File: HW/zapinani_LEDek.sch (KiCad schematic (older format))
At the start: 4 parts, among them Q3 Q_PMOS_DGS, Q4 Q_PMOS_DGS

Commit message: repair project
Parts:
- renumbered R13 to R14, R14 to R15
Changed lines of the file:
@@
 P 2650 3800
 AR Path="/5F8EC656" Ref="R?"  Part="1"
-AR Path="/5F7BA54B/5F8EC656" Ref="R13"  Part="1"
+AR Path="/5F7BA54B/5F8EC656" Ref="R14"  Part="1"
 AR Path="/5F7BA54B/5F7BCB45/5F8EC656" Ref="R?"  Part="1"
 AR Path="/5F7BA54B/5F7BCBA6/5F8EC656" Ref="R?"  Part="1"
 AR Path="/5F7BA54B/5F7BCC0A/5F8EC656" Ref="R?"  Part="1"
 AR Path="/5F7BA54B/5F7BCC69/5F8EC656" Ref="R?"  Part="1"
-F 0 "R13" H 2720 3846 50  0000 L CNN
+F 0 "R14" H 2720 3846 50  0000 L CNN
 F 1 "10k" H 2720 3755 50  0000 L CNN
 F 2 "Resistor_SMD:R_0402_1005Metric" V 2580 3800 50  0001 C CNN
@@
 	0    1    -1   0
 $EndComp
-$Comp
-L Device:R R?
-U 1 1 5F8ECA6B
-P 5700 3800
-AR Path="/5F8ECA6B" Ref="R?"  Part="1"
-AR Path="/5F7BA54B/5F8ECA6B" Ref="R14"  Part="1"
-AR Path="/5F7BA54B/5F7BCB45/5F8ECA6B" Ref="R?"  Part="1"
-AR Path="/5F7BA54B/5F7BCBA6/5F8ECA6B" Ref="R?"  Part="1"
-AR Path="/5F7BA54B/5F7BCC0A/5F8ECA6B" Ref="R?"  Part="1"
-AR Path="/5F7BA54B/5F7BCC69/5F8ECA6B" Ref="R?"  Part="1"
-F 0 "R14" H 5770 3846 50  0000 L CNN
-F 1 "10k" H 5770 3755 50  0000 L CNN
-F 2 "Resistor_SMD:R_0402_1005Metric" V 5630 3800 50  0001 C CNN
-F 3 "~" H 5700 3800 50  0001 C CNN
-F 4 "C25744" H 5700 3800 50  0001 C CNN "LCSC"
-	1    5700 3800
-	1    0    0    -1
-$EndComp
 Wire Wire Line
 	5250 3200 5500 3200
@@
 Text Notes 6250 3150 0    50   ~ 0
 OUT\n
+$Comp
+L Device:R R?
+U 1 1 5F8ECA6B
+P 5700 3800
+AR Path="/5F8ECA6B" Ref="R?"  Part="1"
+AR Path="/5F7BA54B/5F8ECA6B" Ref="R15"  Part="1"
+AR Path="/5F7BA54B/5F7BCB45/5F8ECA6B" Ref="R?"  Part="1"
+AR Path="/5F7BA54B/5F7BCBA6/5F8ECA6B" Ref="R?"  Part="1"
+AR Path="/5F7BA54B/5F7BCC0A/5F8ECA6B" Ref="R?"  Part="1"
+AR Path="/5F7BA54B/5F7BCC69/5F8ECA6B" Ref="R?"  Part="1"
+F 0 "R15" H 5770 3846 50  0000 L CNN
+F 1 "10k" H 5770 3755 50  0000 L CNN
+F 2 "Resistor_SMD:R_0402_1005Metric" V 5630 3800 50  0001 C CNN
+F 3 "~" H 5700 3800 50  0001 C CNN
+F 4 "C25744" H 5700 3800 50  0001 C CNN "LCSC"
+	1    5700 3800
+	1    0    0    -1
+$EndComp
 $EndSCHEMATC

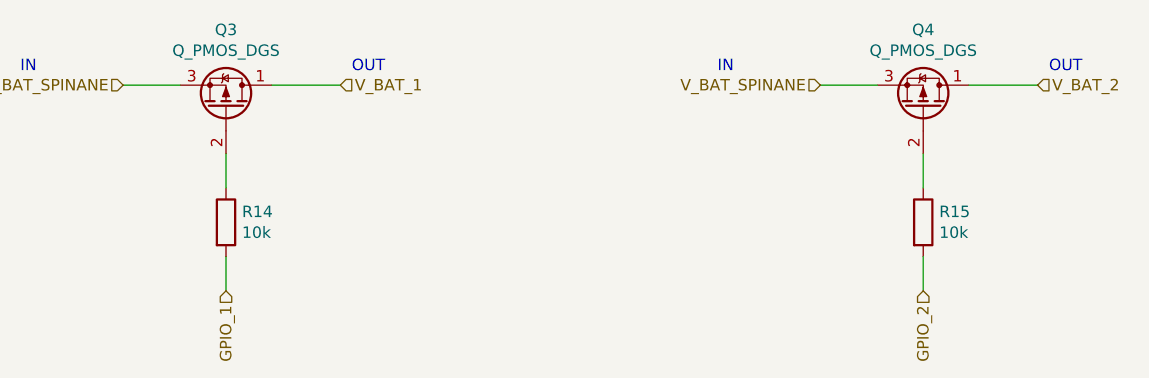
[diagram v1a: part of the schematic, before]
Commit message: repair some misakes from prototype
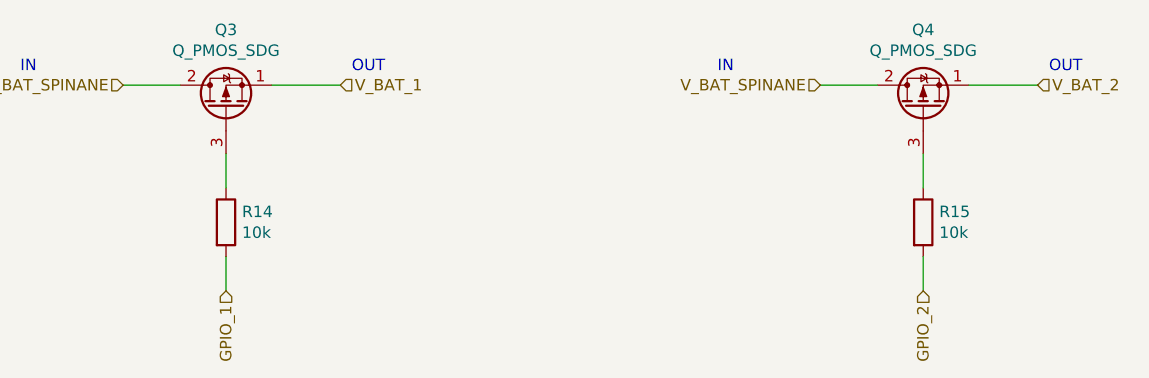
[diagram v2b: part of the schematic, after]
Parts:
- removed Q3, Q4: Q_PMOS_DGS, Package_TO_SOT_SMD:SOT-23, symbol Device:Q_PMOS_DGS
- added Q3, Q4: Q_PMOS_SDG, symbol Device:Q_PMOS_SDG
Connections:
- net V_BAT_1: now also Q3.1 (S)
- net V_BAT_2: now also Q4.1 (S)
- net V_BAT_SPINANE: now also Q3.2 (D), Q4.2 (D)
- net at R14.1: now also Q3.3 (G)
- net at R15.1: now also Q4.3 (G)
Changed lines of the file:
@@
 GPIO_1
-$Comp
-L Device:Q_PMOS_DGS Q?
-U 1 1 5F8EC64F
-P 2650 3300
-AR Path="/5F8EC64F" Ref="Q?"  Part="1"
-AR Path="/5F7BA54B/5F8EC64F" Ref="Q3"  Part="1"
-AR Path="/5F7BA54B/5F7BCB45/5F8EC64F" Ref="Q?"  Part="1"
-AR Path="/5F7BA54B/5F7BCBA6/5F8EC64F" Ref="Q?"  Part="1"
-AR Path="/5F7BA54B/5F7BCC0A/5F8EC64F" Ref="Q?"  Part="1"
-AR Path="/5F7BA54B/5F7BCC69/5F8EC64F" Ref="Q?"  Part="1"
-F 0 "Q3" V 2992 3300 50  0000 C CNN
-F 1 "Q_PMOS_DGS" V 2901 3300 50  0000 C CNN
-F 2 "Package_TO_SOT_SMD:SOT-23" H 2850 3400 50  0001 C CNN
-F 3 "~" H 2650 3300 50  0001 C CNN
-F 4 "C15127" H 2650 3300 50  0001 C CNN "LCSC"
-F 5 "0;0;180" H 2650 3300 50  0001 C CNN "JLCPCB_CORRECTION"
-	1    2650 3300
-	0    1    -1   0
-$EndComp
 $Comp
 L Device:R R?
@@
 Text HLabel 5700 4100 3    50   Input ~ 0
 GPIO_2
-$Comp
-L Device:Q_PMOS_DGS Q?
-U 1 1 5F8ECA64
-P 5700 3300
-AR Path="/5F8ECA64" Ref="Q?"  Part="1"
-AR Path="/5F7BA54B/5F8ECA64" Ref="Q4"  Part="1"
-AR Path="/5F7BA54B/5F7BCB45/5F8ECA64" Ref="Q?"  Part="1"
-AR Path="/5F7BA54B/5F7BCBA6/5F8ECA64" Ref="Q?"  Part="1"
-AR Path="/5F7BA54B/5F7BCC0A/5F8ECA64" Ref="Q?"  Part="1"
-AR Path="/5F7BA54B/5F7BCC69/5F8ECA64" Ref="Q?"  Part="1"
-F 0 "Q4" V 6042 3300 50  0000 C CNN
-F 1 "Q_PMOS_DGS" V 5951 3300 50  0000 C CNN
-F 2 "Package_TO_SOT_SMD:SOT-23" H 5900 3400 50  0001 C CNN
-F 3 "~" H 5700 3300 50  0001 C CNN
-F 4 "C15127" H 5700 3300 50  0001 C CNN "LCSC"
-F 5 "0;0;180" H 5700 3300 50  0001 C CNN "JLCPCB_CORRECTION"
-	1    5700 3300
-	0    1    -1   0
-$EndComp
 Wire Wire Line
 	5250 3200 5500 3200
@@
 	1    0    0    -1
 $EndComp
+$Comp
+L Device:Q_PMOS_SDG Q3
+U 1 1 5FAF79CC
+P 2650 3300
+F 0 "Q3" V 2992 3300 50  0000 C CNN
+F 1 "Q_PMOS_SDG" V 2901 3300 50  0000 C CNN
+F 2 "" H 2850 3400 50  0001 C CNN
+F 3 "~" H 2650 3300 50  0001 C CNN
+	1    2650 3300
+	0    -1   -1   0
+$EndComp
+$Comp
+L Device:Q_PMOS_SDG Q4
+U 1 1 5FAF7FFA
+P 5700 3300
+F 0 "Q4" V 6042 3300 50  0000 C CNN
+F 1 "Q_PMOS_SDG" V 5951 3300 50  0000 C CNN
+F 2 "" H 5900 3400 50  0001 C CNN
+F 3 "~" H 5700 3300 50  0001 C CNN
+	1    5700 3300
+	0    -1   -1   0
+$EndComp
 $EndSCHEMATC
++++
» The task: From the listing above, print every entry precisely and drop the pictures.

» Task response:
File: HW/zapinani_LEDek.sch (KiCad schematic (older format))
At the start: 4 parts, among them Q3 Q_PMOS_DGS, Q4 Q_PMOS_DGS

Commit message: repair project
Parts:
- renumbered R13 to R14, R14 to R15
Changed lines of the file:
@@
 P 2650 3800
 AR Path="/5F8EC656" Ref="R?"  Part="1"
-AR Path="/5F7BA54B/5F8EC656" Ref="R13"  Part="1"
+AR Path="/5F7BA54B/5F8EC656" Ref="R14"  Part="1"
 AR Path="/5F7BA54B/5F7BCB45/5F8EC656" Ref="R?"  Part="1"
 AR Path="/5F7BA54B/5F7BCBA6/5F8EC656" Ref="R?"  Part="1"
 AR Path="/5F7BA54B/5F7BCC0A/5F8EC656" Ref="R?"  Part="1"
 AR Path="/5F7BA54B/5F7BCC69/5F8EC656" Ref="R?"  Part="1"
-F 0 "R13" H 2720 3846 50  0000 L CNN
+F 0 "R14" H 2720 3846 50  0000 L CNN
 F 1 "10k" H 2720 3755 50  0000 L CNN
 F 2 "Resistor_SMD:R_0402_1005Metric" V 2580 3800 50  0001 C CNN
@@
 	0    1    -1   0
 $EndComp
-$Comp
-L Device:R R?
-U 1 1 5F8ECA6B
-P 5700 3800
-AR Path="/5F8ECA6B" Ref="R?"  Part="1"
-AR Path="/5F7BA54B/5F8ECA6B" Ref="R14"  Part="1"
-AR Path="/5F7BA54B/5F7BCB45/5F8ECA6B" Ref="R?"  Part="1"
-AR Path="/5F7BA54B/5F7BCBA6/5F8ECA6B" Ref="R?"  Part="1"
-AR Path="/5F7BA54B/5F7BCC0A/5F8ECA6B" Ref="R?"  Part="1"
-AR Path="/5F7BA54B/5F7BCC69/5F8ECA6B" Ref="R?"  Part="1"
-F 0 "R14" H 5770 3846 50  0000 L CNN
-F 1 "10k" H 5770 3755 50  0000 L CNN
-F 2 "Resistor_SMD:R_0402_1005Metric" V 5630 3800 50  0001 C CNN
-F 3 "~" H 5700 3800 50  0001 C CNN
-F 4 "C25744" H 5700 3800 50  0001 C CNN "LCSC"
-	1    5700 3800
-	1    0    0    -1
-$EndComp
 Wire Wire Line
 	5250 3200 5500 3200
@@
 Text Notes 6250 3150 0    50   ~ 0
 OUT\n
+$Comp
+L Device:R R?
+U 1 1 5F8ECA6B
+P 5700 3800
+AR Path="/5F8ECA6B" Ref="R?"  Part="1"
+AR Path="/5F7BA54B/5F8ECA6B" Ref="R15"  Part="1"
+AR Path="/5F7BA54B/5F7BCB45/5F8ECA6B" Ref="R?"  Part="1"
+AR Path="/5F7BA54B/5F7BCBA6/5F8ECA6B" Ref="R?"  Part="1"
+AR Path="/5F7BA54B/5F7BCC0A/5F8ECA6B" Ref="R?"  Part="1"
+AR Path="/5F7BA54B/5F7BCC69/5F8ECA6B" Ref="R?"  Part="1"
+F 0 "R15" H 5770 3846 50  0000 L CNN
+F 1 "10k" H 5770 3755 50  0000 L CNN
+F 2 "Resistor_SMD:R_0402_1005Metric" V 5630 3800 50  0001 C CNN
+F 3 "~" H 5700 3800 50  0001 C CNN
+F 4 "C25744" H 5700 3800 50  0001 C CNN "LCSC"
+	1    5700 3800
+	1    0    0    -1
+$EndComp
 $EndSCHEMATC

[diagram v1a: part of the schematic, before]
Commit message: repair some misakes from prototype
[diagram v2b: part of the schematic, after]
Parts:
- removed Q3, Q4: Q_PMOS_DGS, Package_TO_SOT_SMD:SOT-23, symbol Device:Q_PMOS_DGS
- added Q3, Q4: Q_PMOS_SDG, symbol Device:Q_PMOS_SDG
Connections:
- net V_BAT_1: now also Q3.1 (S)
- net V_BAT_2: now also Q4.1 (S)
- net V_BAT_SPINANE: now also Q3.2 (D), Q4.2 (D)
- net at R14.1: now also Q3.3 (G)
- net at R15.1: now also Q4.3 (G)
Changed lines of the file:
@@
 GPIO_1
-$Comp
-L Device:Q_PMOS_DGS Q?
-U 1 1 5F8EC64F
-P 2650 3300
-AR Path="/5F8EC64F" Ref="Q?"  Part="1"
-AR Path="/5F7BA54B/5F8EC64F" Ref="Q3"  Part="1"
-AR Path="/5F7BA54B/5F7BCB45/5F8EC64F" Ref="Q?"  Part="1"
-AR Path="/5F7BA54B/5F7BCBA6/5F8EC64F" Ref="Q?"  Part="1"
-AR Path="/5F7BA54B/5F7BCC0A/5F8EC64F" Ref="Q?"  Part="1"
-AR Path="/5F7BA54B/5F7BCC69/5F8EC64F" Ref="Q?"  Part="1"
-F 0 "Q3" V 2992 3300 50  0000 C CNN
-F 1 "Q_PMOS_DGS" V 2901 3300 50  0000 C CNN
-F 2 "Package_TO_SOT_SMD:SOT-23" H 2850 3400 50  0001 C CNN
-F 3 "~" H 2650 3300 50  0001 C CNN
-F 4 "C15127" H 2650 3300 50  0001 C CNN "LCSC"
-F 5 "0;0;180" H 2650 3300 50  0001 C CNN "JLCPCB_CORRECTION"
-	1    2650 3300
-	0    1    -1   0
-$EndComp
 $Comp
 L Device:R R?
@@
 Text HLabel 5700 4100 3    50   Input ~ 0
 GPIO_2
-$Comp
-L Device:Q_PMOS_DGS Q?
-U 1 1 5F8ECA64
-P 5700 3300
-AR Path="/5F8ECA64" Ref="Q?"  Part="1"
-AR Path="/5F7BA54B/5F8ECA64" Ref="Q4"  Part="1"
-AR Path="/5F7BA54B/5F7BCB45/5F8ECA64" Ref="Q?"  Part="1"
-AR Path="/5F7BA54B/5F7BCBA6/5F8ECA64" Ref="Q?"  Part="1"
-AR Path="/5F7BA54B/5F7BCC0A/5F8ECA64" Ref="Q?"  Part="1"
-AR Path="/5F7BA54B/5F7BCC69/5F8ECA64" Ref="Q?"  Part="1"
-F 0 "Q4" V 6042 3300 50  0000 C CNN
-F 1 "Q_PMOS_DGS" V 5951 3300 50  0000 C CNN
-F 2 "Package_TO_SOT_SMD:SOT-23" H 5900 3400 50  0001 C CNN
-F 3 "~" H 5700 3300 50  0001 C CNN
-F 4 "C15127" H 5700 3300 50  0001 C CNN "LCSC"
-F 5 "0;0;180" H 5700 3300 50  0001 C CNN "JLCPCB_CORRECTION"
-	1    5700 3300
-	0    1    -1   0
-$EndComp
 Wire Wire Line
 	5250 3200 5500 3200
@@
 	1    0    0    -1
 $EndComp
+$Comp
+L Device:Q_PMOS_SDG Q3
+U 1 1 5FAF79CC
+P 2650 3300
+F 0 "Q3" V 2992 3300 50  0000 C CNN
+F 1 "Q_PMOS_SDG" V 2901 3300 50  0000 C CNN
+F 2 "" H 2850 3400 50  0001 C CNN
+F 3 "~" H 2650 3300 50  0001 C CNN
+	1    2650 3300
+	0    -1   -1   0
+$EndComp
+$Comp
+L Device:Q_PMOS_SDG Q4
+U 1 1 5FAF7FFA
+P 5700 3300
+F 0 "Q4" V 6042 3300 50  0000 C CNN
+F 1 "Q_PMOS_SDG" V 5951 3300 50  0000 C CNN
+F 2 "" H 5900 3400 50  0001 C CNN
+F 3 "~" H 5700 3300 50  0001 C CNN
+	1    5700 3300
+	0    -1   -1   0
+$EndComp
 $EndSCHEMATC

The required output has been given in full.